O tu che eri solo ad aver pietà
sulle prove indicibili di Troia,
che ci accolgono come alleati della tua città
e casa, un residuo lasciato dai Greci, vessato
da tutti i disastri conosciuti in terra e in mare.'
- Virgilio, L'Eneide , Libro 1, righe 836-842 - 'dicci tutto / cose dal primo inizio: astuzia greca,
le prove del tuo popolo e poi i tuoi viaggi».
- Virgilio, L'Eneide , Libro 1, righe 1049-51 - 'Fai
credi che il nemico sia salpato?
O pensare che tutti i doni greci siano gratuiti
di artigianato? È così che si comporta Ulisse?
O si nascondono gli Achei, chiusi in questo bosco,
oppure questo è un motore costruito contro
le nostre mura...
Temo i greci, anche quando portano doni».
- Virgilio, L'Eneide , Libro 2, righe 60-70 - «quattro volte si fermò davanti alla porta, proprio sulla soglia;
quattro volte le braccia si scontrarono rumorosamente all'interno del suo ventre.
Tuttavia, incurante, accecato dalla frenesia,
andiamo avanti e impostiamo l'infausto
mostro dentro la fortezza sacra.'
- Virgilio, L'Eneide , Libro 2, righe 335-339 - «Povero marito, cosa ti guida il pensiero selvaggio
indossare queste armi adesso? Dove vorresti correre?'
- Virgilio, L'Eneide , Libro 2, righe 699-700 - 'Se te ne vai a morire, prendi anche noi,
affrontare tutte le cose con te; ma se il tuo passato
ti permette ancora di mettere la tua speranza in armi, che ora
ti sei vestito, quindi prima proteggi questa casa.'
- Virgilio, L'Eneide , Libro 2, righe 914-7 - «Perché mi stai storpiando, Enea? Ricambio
il mio corpo. Sono sepolto qui. Fai di scorta
la profanazione delle tue pie mani.
non ti sono estraneo; Sono Troiano.
Il sangue che vedi non scorre da uno stelo.
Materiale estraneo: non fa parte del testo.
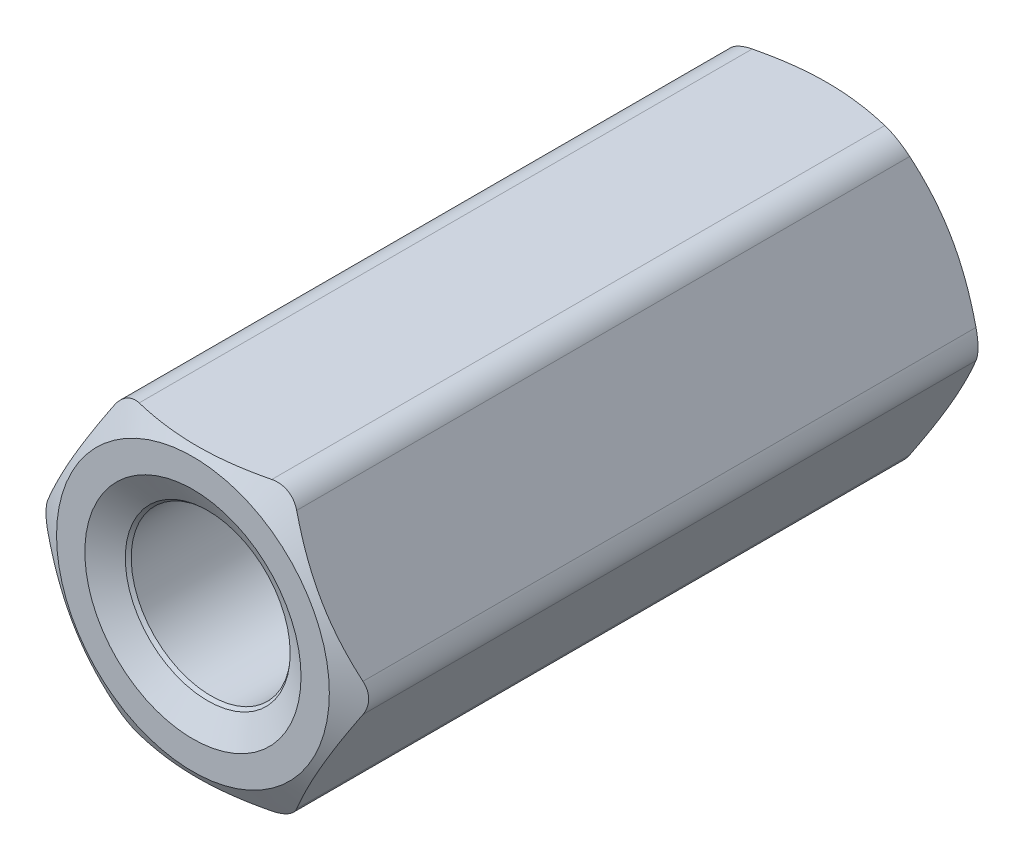
from build123d import *

# Parameters (mm, degrees)
SKETCH4_R           = 1.75
BOSS_EXTRUDE1_DEPTH = 5
SKETCH5_OUTSIDE_W   = 49.716
SKETCH5_OUTSIDE_H   = 49.02
SKETCH5_OUTSIDE_R   = 2.1375
CUT_EXTRUDE1_DEPTH  = 11.574142991
CUT_EXTRUDE1_DRAFT  = -60
SKETCH6_OUTSIDE_W   = 49.716
SKETCH6_OUTSIDE_H   = 49.02
SKETCH6_OUTSIDE_R   = 2.1375
CUT_EXTRUDE2_DEPTH  = 11.574142991
CUT_EXTRUDE2_DRAFT  = -60
FILLET1_R           = 0.45
BOSS_EXTRUDE2_START = -5
SKETCH7_R           = 1.69375
BOSS_EXTRUDE2_DEPTH = 4.8
SKETCH8_W           = 4.8
SKETCH8_H           = 1.25
CIRPATTERN1_COUNT   = 2


with BuildPart() as part:
    # Sketch3 → Revolve1 (revolve)
    with BuildSketch(Plane(origin=(0, 0, 0), x_dir=(0, 0, -1), z_dir=(1, 0, 0))):
        Polygon((-4.743800818, 1.25), (-0.2, 1.25), (-0.2, 0), (0.2, 0), (0.2, 1.25), (4.743800818, 1.25), (5, 1.69375), (5, 2.25), (0, 2.25), (-5, 2.25), (-5, 1.69375), align=None)
        Polygon((-4.743800818, 1.25), (-0.2, 1.25), (-0.2, 0), (0.2, 0), (0.2, 1.25), (4.743800818, 1.25), (5, 1.69375), (5, 2.25), (0, 2.25), (-5, 2.25), (-5, 1.69375), align=None)
    revolve(axis=Axis((0, 0, 0.2), (0, 0, 1)))

    # Sketch4 → Boss-Extrude1 (add, symmetric)
    with BuildSketch(Plane.XY):
        Polygon((-1.299038106, 2.25), (-2.598076211, 0), (-1.299038106, -2.25), (1.299038106, -2.25), (2.598076211, 0), (1.299038106, 2.25), align=None)
        Circle(SKETCH4_R, mode=Mode.SUBTRACT)
    extrude(amount=BOSS_EXTRUDE1_DEPTH, both=True)


with BuildPart() as cut_extrude1_tool:
    # Sketch5 outside → Cut-Extrude1 (with draft: the straight prism first)
    with BuildSketch(Plane.XY.offset(5)):
        Rectangle(SKETCH5_OUTSIDE_W, SKETCH5_OUTSIDE_H)
        Circle(SKETCH5_OUTSIDE_R, mode=Mode.SUBTRACT)
    extrude(amount=-CUT_EXTRUDE1_DEPTH)
    # Cut-Extrude1: the draft: its side faces are tilted about the plane it starts from
    cut_extrude1_sides = [cut_extrude1_tool.faces().sort_by_distance(p)[0] for p in [
        (0, -24.51, -0.787071496),
        (24.858, 0, -0.787071496),
        (0, 24.51, -0.787071496),
        (-24.858, 0, -0.787071496),
        (-2.1375, 0, -0.787071496),
    ]]
    draft(cut_extrude1_sides, Plane.XY.offset(5), CUT_EXTRUDE1_DRAFT)


with BuildPart() as part_1:
    add(part.part)

    # Cut-Extrude1: cut by cut_extrude1_tool
    add(cut_extrude1_tool.part, mode=Mode.SUBTRACT)


with BuildPart() as cut_extrude2_tool:
    # Sketch6 outside → Cut-Extrude2 (with draft: the straight prism first)
    with BuildSketch(Plane(origin=(0, 0, -5), x_dir=(-1, 0, 0), z_dir=(0, 0, -1))):
        Rectangle(SKETCH6_OUTSIDE_W, SKETCH6_OUTSIDE_H)
        Circle(SKETCH6_OUTSIDE_R, mode=Mode.SUBTRACT)
    extrude(amount=-CUT_EXTRUDE2_DEPTH)
    # Cut-Extrude2: the draft: its side faces are tilted about the plane it starts from
    cut_extrude2_sides = [cut_extrude2_tool.faces().sort_by_distance(p)[0] for p in [
        (0, -24.51, 0.787071496),
        (-24.858, 0, 0.787071496),
        (0, 24.51, 0.787071496),
        (24.858, 0, 0.787071496),
        (2.1375, 0, 0.787071496),
    ]]
    draft(cut_extrude2_sides, Plane(origin=(0, 0, -5), x_dir=(-1, 0, 0), z_dir=(0, 0, -1)), CUT_EXTRUDE2_DRAFT)


with BuildPart() as part_2:
    add(part_1.part)

    # Cut-Extrude2: cut by cut_extrude2_tool
    add(cut_extrude2_tool.part, mode=Mode.SUBTRACT)

    # Fillet1
    # the kernel refuses this fillet: 0.45 mm, written as the material it takes off along each edge
    with BuildSketch(Plane(origin=(1.299038106, 2.25, 5.383605253), x_dir=(-1, 0, 0), z_dir=(0, 0, -1)), Plane(origin=(-1.299038106, 2.25, 5.383605253), x_dir=(-0.49999999999999967, -0.8660254037844387, 0), z_dir=(0, 0, -1))) as fillet1_piece_1:
        with BuildLine():
            CenterArc((FILLET1_R * 0.57735026919, -FILLET1_R), FILLET1_R, 90, 60)
            Line((-FILLET1_R * 0.288675134595, -FILLET1_R * 0.5), (0, 0))
            Line((0, 0), (FILLET1_R * 0.57735026919, 0))
        make_face()
    extrude(amount=10.767210506, mode=Mode.SUBTRACT)
    with BuildSketch(Plane(origin=(-2.598076211, 0, -5.383605253), x_dir=(0.5000000000000006, -0.8660254037844384, 0), z_dir=(0, 0, 1)), Plane(origin=(-1.299038106, -2.25, -5.383605253), x_dir=(1, 0, 0), z_dir=(0, 0, 1)), Plane(origin=(1.299038106, -2.25, -5.383605253), x_dir=(0.49999999999999967, 0.8660254037844387, 0), z_dir=(0, 0, 1)), Plane(origin=(2.598076211, 0, 5.383605253), x_dir=(-0.5, -0.8660254037844388, 0), z_dir=(0, 0, -1))) as fillet1_piece_2:
        with BuildLine():
            CenterArc((FILLET1_R * 0.57735026919, FILLET1_R), FILLET1_R, 210, 60)
            Line((-FILLET1_R * 0.288675134595, FILLET1_R * 0.5), (0, 0))
            Line((0, 0), (FILLET1_R * 0.57735026919, 0))
        make_face()
    extrude(amount=10.767210506, mode=Mode.SUBTRACT)

    # Sketch7 → Boss-Extrude2 (add)
    with BuildSketch(Plane(origin=(0, 0, 0), x_dir=(-1, 0, 0), z_dir=(0, 0, -1)).offset(BOSS_EXTRUDE2_START)):
        Circle(SKETCH7_R)
    extrude(amount=BOSS_EXTRUDE2_DEPTH)

    # SurfaceCut1
    split(bisect_by=Plane.XY, keep=Keep.TOP)


with BuildPart() as body_2:
    # Sketch8 → Revolve2 (revolve)
    with BuildSketch(Plane(origin=(0, 0, 0), x_dir=(0, 0, -1), z_dir=(1, 0, 0))):
        with Locations((-2.6, 0.625)):
            Rectangle(SKETCH8_W, SKETCH8_H)
    revolve(axis=Axis((0, 0, 0.2), (0, 0, 1)))


with BuildPart() as part_3:
    add(part_2.part)

    # Combine1: cut body 2
    add(body_2.part, mode=Mode.SUBTRACT)

    # Cut-Extrude3 cone 1 section (through the dimple's axis) → Cut-Extrude3 (revolve, cut)
    with BuildSketch(Plane(origin=(0, 0, 5), x_dir=(0, -1, 0), z_dir=(1, 0, 0))):
        Polygon((0, 0), (1.69375, 0), (0, 0.977887018), align=None)
    revolve(axis=Axis((0, 0, 5), (0, 0, -1)), mode=Mode.SUBTRACT)

    # Cut-Extrude4 cone 1 section (through the dimple's axis) → Cut-Extrude4 (revolve, cut)
    with BuildSketch(Plane(origin=(0, 0, 4.768157783), x_dir=(0, -1, 0), z_dir=(1, 0, 0))):
        Polygon((0, 0), (1.3008, 0), (0, 1.3008), align=None)
    revolve(axis=Axis((0, 0, 4.768157783), (0, 0, -1)), mode=Mode.SUBTRACT)


with BuildPart() as cirpattern1_1:
    # CirPattern1: pattern copy
    add(part_3.part.rotate(Axis((0, 0, 0), (1, 0, 0)), 1 * 360 / CIRPATTERN1_COUNT))


with BuildPart() as part_4:
    add(part_3.part)

    # Combine2: union CirPattern1_1
    add(cirpattern1_1.part)


solid = part_4.part

Fuggite da queste terre crudeli, da questa riva avida,
poiché io sono Polidoro; qui o lì
raccolto di lance ha coperto il mio corpo trafitto.'
- Virgilio, L'Eneide , Libro 3, righe 52-59 - 'fino a una fame terribile e al tuo torto
nel massacrare le mie sorelle è costretta
le tue mascelle per rosicchiare come cibo le tue stesse tavole.'
- Virgilio, L'Eneide , Libro 3, righe 333-5 - 'Lungo le sponde sotto il leccio ramificato,
un'enorme scrofa bianca distesa per terra
insieme a una nuova cucciolata
di trenta maialini bianchi che allattano ai suoi capezzoli
- Virgilio, L'Eneide , Libro 3, righe 508-11 - 'Io sono di Itaca e ho navigato per Troia,
un compagno dello sfortunato Ulisse;
mi chiamo Achemenide».
- Virgilio, L'Eneide , Libro 3, righe 794-6 - 'Facciamo, invece della guerra,
una pace eterna e un matrimonio difficile.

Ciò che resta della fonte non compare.